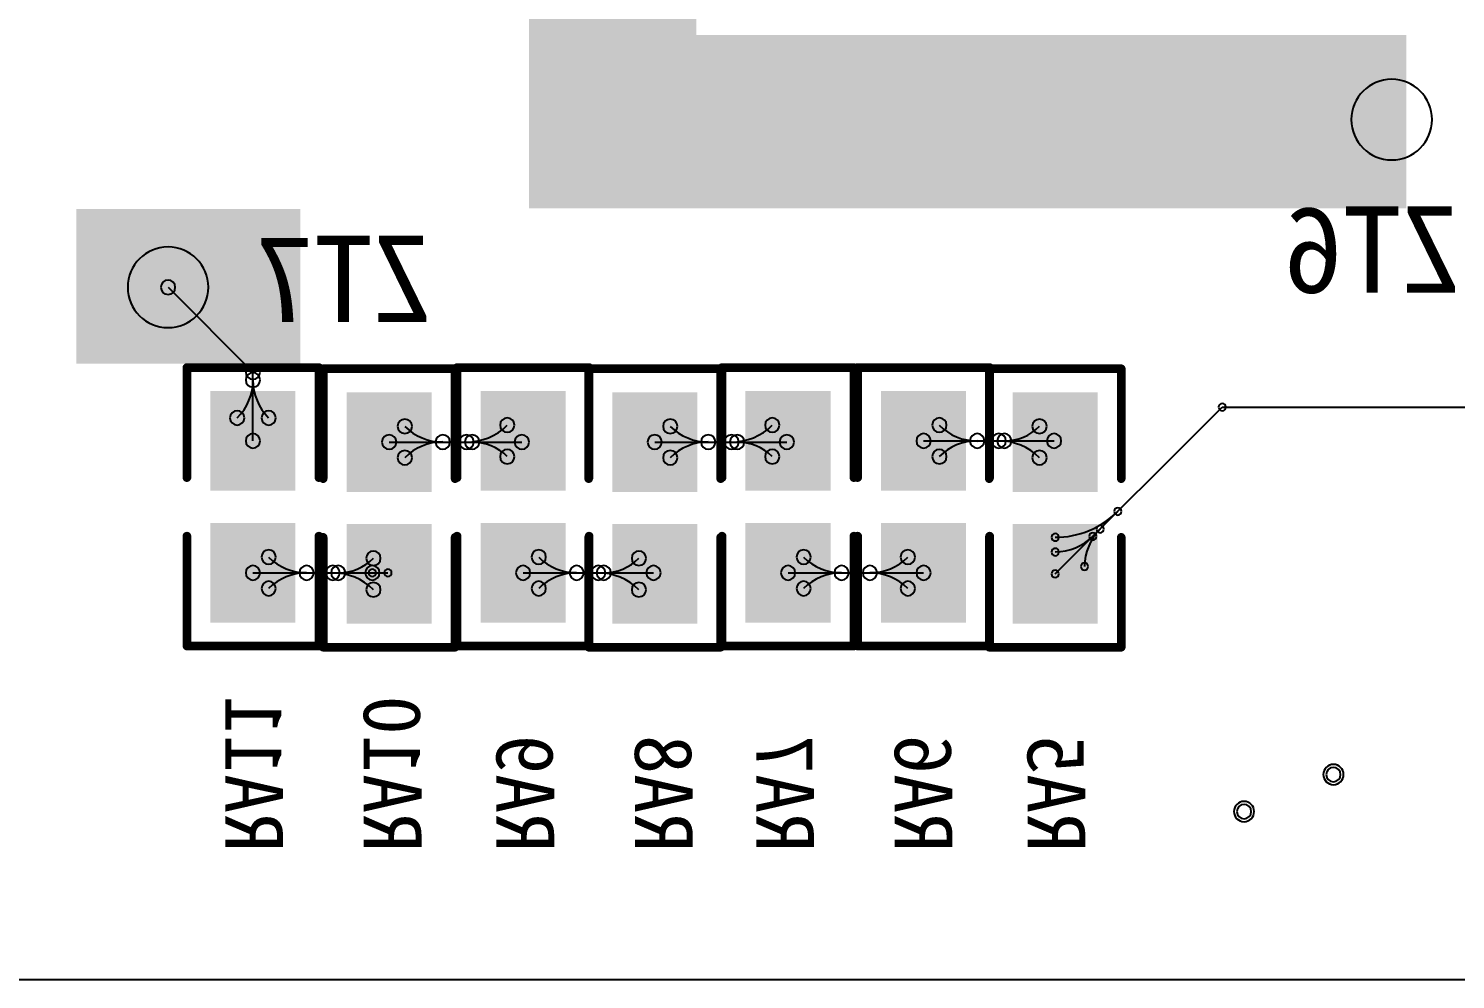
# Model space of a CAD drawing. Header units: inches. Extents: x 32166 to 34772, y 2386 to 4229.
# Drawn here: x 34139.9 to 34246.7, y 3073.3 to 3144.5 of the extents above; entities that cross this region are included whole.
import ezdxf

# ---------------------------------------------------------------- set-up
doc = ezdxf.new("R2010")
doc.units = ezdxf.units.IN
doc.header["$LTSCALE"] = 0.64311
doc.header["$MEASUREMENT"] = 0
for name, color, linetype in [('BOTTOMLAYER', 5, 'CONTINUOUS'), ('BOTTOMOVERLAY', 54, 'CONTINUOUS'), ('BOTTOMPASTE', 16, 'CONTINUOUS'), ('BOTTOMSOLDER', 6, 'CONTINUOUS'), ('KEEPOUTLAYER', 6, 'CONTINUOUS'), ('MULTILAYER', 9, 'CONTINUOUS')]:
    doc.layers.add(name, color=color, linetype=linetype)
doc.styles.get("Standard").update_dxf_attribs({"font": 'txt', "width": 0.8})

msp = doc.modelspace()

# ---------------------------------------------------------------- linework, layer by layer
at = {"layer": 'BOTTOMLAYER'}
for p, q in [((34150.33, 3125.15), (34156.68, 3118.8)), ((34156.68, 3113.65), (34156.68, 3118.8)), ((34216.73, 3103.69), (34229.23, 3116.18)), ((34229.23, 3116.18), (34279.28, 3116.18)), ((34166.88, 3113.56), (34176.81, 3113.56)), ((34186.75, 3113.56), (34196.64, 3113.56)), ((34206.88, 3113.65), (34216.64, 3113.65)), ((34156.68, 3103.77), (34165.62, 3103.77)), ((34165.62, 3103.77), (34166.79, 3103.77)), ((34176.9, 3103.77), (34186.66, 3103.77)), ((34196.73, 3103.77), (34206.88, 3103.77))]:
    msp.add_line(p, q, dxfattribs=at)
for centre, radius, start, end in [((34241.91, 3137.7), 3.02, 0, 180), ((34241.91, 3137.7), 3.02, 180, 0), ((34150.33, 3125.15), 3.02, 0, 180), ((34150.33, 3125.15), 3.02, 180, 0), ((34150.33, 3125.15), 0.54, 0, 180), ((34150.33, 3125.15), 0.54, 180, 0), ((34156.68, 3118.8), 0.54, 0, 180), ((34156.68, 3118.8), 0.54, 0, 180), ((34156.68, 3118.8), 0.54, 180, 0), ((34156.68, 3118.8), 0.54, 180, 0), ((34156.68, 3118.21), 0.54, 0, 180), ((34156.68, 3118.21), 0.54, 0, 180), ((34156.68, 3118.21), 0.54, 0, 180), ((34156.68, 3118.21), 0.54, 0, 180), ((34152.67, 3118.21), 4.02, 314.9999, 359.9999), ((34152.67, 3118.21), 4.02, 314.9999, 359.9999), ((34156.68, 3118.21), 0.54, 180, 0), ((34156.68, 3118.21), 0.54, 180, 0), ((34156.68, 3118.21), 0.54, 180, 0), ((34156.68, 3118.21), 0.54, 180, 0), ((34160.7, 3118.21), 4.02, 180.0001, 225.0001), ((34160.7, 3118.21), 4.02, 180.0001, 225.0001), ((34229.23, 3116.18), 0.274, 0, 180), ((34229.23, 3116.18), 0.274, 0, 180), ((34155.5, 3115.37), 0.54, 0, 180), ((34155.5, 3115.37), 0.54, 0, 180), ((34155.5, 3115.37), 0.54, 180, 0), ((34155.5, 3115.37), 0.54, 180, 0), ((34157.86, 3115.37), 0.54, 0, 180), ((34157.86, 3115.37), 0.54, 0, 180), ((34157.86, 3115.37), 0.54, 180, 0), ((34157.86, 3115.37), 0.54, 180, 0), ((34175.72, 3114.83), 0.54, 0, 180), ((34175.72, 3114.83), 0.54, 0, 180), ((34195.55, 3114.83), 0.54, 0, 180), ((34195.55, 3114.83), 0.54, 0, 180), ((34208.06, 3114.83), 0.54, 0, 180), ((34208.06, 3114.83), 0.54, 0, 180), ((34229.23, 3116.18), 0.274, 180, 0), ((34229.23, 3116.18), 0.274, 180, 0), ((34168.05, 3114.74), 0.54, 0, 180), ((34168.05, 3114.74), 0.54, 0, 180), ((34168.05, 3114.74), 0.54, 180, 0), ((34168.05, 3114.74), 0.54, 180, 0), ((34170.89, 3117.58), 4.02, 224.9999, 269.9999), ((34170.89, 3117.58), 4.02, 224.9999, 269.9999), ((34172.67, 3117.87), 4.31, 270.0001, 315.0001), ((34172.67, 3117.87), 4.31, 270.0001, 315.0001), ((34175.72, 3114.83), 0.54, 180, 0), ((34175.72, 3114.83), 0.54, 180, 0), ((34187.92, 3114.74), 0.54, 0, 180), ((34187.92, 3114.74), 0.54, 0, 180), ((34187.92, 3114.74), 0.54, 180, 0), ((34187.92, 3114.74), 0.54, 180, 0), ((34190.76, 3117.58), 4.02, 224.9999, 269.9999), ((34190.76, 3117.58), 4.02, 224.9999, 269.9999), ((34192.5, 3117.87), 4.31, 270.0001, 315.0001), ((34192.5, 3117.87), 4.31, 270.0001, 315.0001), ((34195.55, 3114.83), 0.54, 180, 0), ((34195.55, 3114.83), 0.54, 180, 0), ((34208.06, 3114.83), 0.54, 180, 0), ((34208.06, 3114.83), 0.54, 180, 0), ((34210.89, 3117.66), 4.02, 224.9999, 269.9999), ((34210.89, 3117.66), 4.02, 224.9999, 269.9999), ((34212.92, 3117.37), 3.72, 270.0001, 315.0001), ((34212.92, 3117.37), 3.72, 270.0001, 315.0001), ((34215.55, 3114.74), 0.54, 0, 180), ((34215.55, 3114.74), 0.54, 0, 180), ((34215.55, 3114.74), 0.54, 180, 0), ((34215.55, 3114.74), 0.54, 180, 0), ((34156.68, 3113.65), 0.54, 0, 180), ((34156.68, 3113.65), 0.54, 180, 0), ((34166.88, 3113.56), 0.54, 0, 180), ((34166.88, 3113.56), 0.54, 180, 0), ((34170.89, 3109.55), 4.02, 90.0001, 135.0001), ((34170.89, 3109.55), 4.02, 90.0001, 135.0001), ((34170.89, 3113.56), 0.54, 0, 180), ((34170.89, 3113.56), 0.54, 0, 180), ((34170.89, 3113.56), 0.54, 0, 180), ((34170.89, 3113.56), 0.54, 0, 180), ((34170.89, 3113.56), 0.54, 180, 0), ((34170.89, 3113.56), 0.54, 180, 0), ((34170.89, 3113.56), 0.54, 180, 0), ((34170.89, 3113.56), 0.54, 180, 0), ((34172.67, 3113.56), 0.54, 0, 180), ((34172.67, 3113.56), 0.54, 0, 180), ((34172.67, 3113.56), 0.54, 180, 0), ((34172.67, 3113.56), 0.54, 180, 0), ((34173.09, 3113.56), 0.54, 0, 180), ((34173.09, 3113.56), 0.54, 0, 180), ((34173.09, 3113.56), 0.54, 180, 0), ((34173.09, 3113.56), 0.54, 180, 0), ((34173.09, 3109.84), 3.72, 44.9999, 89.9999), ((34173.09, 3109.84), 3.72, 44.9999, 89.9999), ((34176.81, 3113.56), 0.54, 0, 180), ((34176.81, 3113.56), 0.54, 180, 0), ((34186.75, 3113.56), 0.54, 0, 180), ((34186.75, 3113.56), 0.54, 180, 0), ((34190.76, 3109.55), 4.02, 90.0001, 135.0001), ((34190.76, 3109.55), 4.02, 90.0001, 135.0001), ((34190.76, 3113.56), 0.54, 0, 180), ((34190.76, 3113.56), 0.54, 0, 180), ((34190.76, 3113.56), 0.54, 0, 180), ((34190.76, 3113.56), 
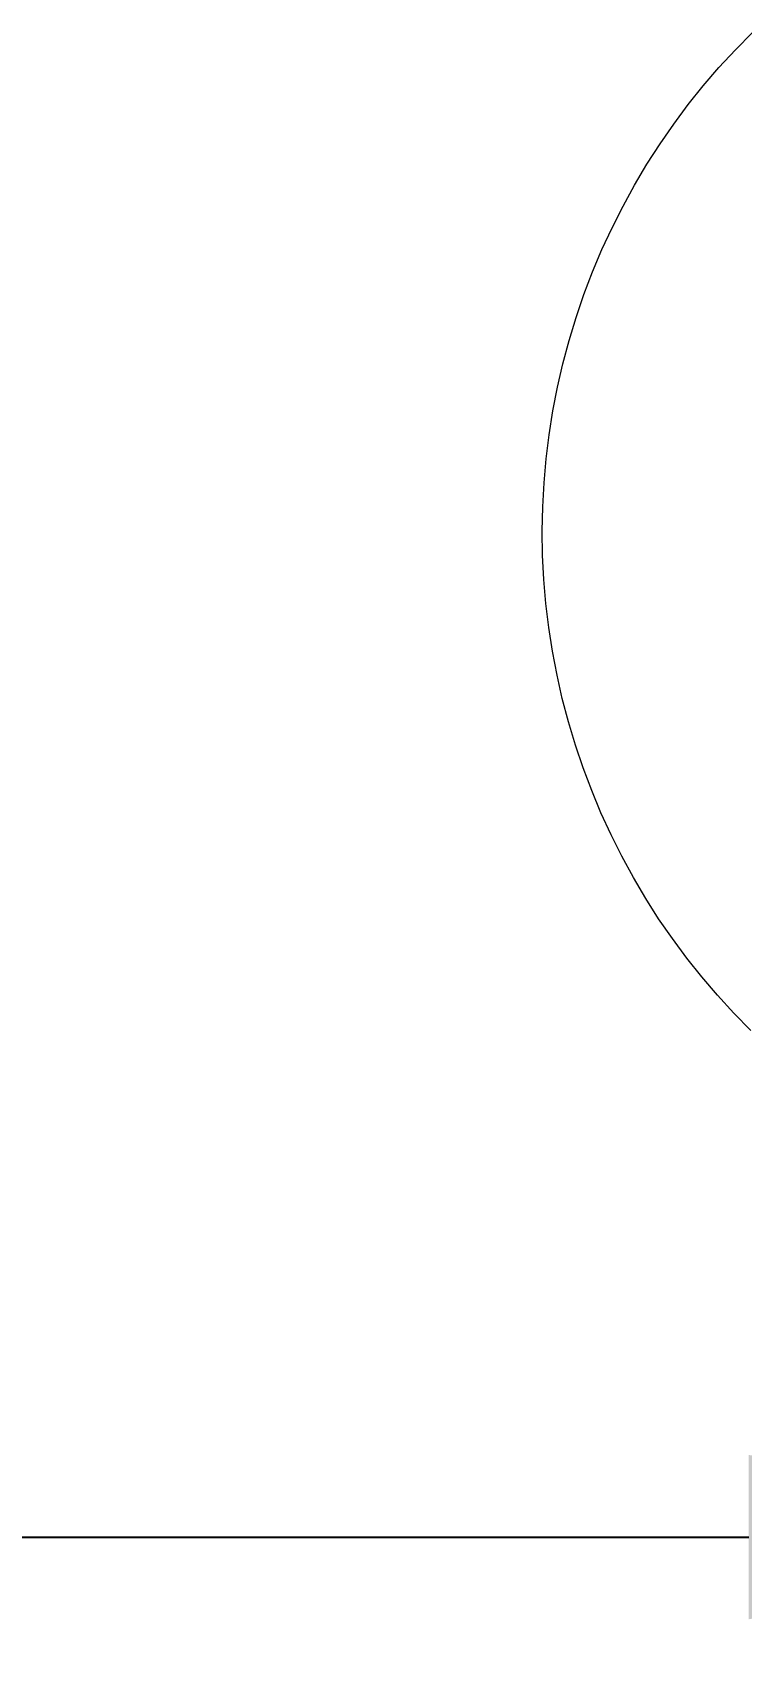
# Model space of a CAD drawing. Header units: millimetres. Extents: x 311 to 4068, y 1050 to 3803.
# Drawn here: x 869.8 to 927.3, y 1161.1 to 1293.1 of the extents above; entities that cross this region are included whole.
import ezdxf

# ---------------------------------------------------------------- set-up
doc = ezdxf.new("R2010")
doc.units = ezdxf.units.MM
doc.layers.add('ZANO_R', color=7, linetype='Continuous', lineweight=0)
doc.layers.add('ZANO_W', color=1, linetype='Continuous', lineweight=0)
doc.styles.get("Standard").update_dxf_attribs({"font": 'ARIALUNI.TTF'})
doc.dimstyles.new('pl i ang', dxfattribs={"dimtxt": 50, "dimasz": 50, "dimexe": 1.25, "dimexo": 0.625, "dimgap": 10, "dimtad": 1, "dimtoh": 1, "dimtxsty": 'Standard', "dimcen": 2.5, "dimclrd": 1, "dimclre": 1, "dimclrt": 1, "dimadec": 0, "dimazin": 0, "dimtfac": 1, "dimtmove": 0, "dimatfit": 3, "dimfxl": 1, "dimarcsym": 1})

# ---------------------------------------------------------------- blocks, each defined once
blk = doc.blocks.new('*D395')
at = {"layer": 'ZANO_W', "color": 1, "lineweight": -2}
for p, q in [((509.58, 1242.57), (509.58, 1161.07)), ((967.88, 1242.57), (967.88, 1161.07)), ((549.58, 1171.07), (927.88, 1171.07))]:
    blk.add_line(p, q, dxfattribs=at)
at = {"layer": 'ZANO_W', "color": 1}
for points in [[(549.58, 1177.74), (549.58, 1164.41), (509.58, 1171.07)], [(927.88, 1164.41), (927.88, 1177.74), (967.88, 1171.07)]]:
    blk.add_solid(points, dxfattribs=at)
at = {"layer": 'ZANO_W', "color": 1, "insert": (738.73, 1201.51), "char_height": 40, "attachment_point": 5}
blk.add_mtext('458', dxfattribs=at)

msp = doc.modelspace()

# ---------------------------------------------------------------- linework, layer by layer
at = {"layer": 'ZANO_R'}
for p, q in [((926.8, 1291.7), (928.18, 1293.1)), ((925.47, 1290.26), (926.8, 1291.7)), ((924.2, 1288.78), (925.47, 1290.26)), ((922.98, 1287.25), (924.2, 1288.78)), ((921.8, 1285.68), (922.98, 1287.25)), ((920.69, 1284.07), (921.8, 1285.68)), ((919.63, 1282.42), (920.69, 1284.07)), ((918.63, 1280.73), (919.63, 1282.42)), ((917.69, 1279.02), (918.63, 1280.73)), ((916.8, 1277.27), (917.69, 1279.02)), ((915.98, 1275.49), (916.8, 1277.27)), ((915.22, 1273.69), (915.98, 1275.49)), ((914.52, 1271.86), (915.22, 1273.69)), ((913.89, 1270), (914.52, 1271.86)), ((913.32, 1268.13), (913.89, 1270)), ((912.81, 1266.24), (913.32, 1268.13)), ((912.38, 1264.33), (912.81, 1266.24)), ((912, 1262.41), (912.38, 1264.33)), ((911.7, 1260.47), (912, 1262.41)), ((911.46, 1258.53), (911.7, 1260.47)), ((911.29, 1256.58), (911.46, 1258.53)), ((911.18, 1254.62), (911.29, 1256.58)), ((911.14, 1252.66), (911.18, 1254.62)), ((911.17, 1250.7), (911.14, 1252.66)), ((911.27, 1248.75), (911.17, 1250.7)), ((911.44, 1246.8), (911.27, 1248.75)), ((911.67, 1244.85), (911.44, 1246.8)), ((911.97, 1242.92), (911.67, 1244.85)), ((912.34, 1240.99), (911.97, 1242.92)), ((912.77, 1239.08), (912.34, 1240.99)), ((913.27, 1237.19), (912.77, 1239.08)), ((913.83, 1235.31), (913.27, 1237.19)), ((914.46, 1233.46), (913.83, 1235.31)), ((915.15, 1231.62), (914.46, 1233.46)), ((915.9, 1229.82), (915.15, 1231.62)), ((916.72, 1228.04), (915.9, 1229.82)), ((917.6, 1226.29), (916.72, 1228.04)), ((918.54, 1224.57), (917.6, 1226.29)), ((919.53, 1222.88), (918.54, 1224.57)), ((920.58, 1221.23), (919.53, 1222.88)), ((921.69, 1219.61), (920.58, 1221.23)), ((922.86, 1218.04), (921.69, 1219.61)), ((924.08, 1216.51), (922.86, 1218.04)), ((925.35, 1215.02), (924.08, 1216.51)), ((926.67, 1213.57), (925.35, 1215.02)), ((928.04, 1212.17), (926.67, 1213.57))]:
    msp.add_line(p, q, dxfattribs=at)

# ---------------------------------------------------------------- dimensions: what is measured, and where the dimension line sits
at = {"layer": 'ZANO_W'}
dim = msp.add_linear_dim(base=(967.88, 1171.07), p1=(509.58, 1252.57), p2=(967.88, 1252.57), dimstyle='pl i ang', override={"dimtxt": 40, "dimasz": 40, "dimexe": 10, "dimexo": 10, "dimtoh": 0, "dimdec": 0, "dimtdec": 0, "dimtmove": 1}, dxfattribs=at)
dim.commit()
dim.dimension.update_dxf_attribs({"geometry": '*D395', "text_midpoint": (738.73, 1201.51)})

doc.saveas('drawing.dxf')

• _WORK TO COMPLETE_
Report each line above containing the string "dimasz".

• _ANSWER FOR THE TASK_
doc.dimstyles.new('pl i ang', dxfattribs={"dimtxt": 50, "dimasz": 50, "dimexe": 1.25, "dimexo": 0.625, "dimgap": 10, "dimtad": 1, "dimtoh": 1, "dimtxsty": 'Standard', "dimcen": 2.5, "dimclrd": 1, "dimclre": 1, "dimclrt": 1, "dimadec": 0, "dimazin": 0, "dimtfac": 1, "dimtmove": 0, "dimatfit": 3, "dimfxl": 1, "dimarcsym": 1})
dim = msp.add_linear_dim(base=(967.88, 1171.07), p1=(509.58, 1252.57), p2=(967.88, 1252.57), dimstyle='pl i ang', override={"dimtxt": 40, "dimasz": 40, "dimexe": 10, "dimexo": 10, "dimtoh": 0, "dimdec": 0, "dimtdec": 0, "dimtmove": 1}, dxfattribs=at)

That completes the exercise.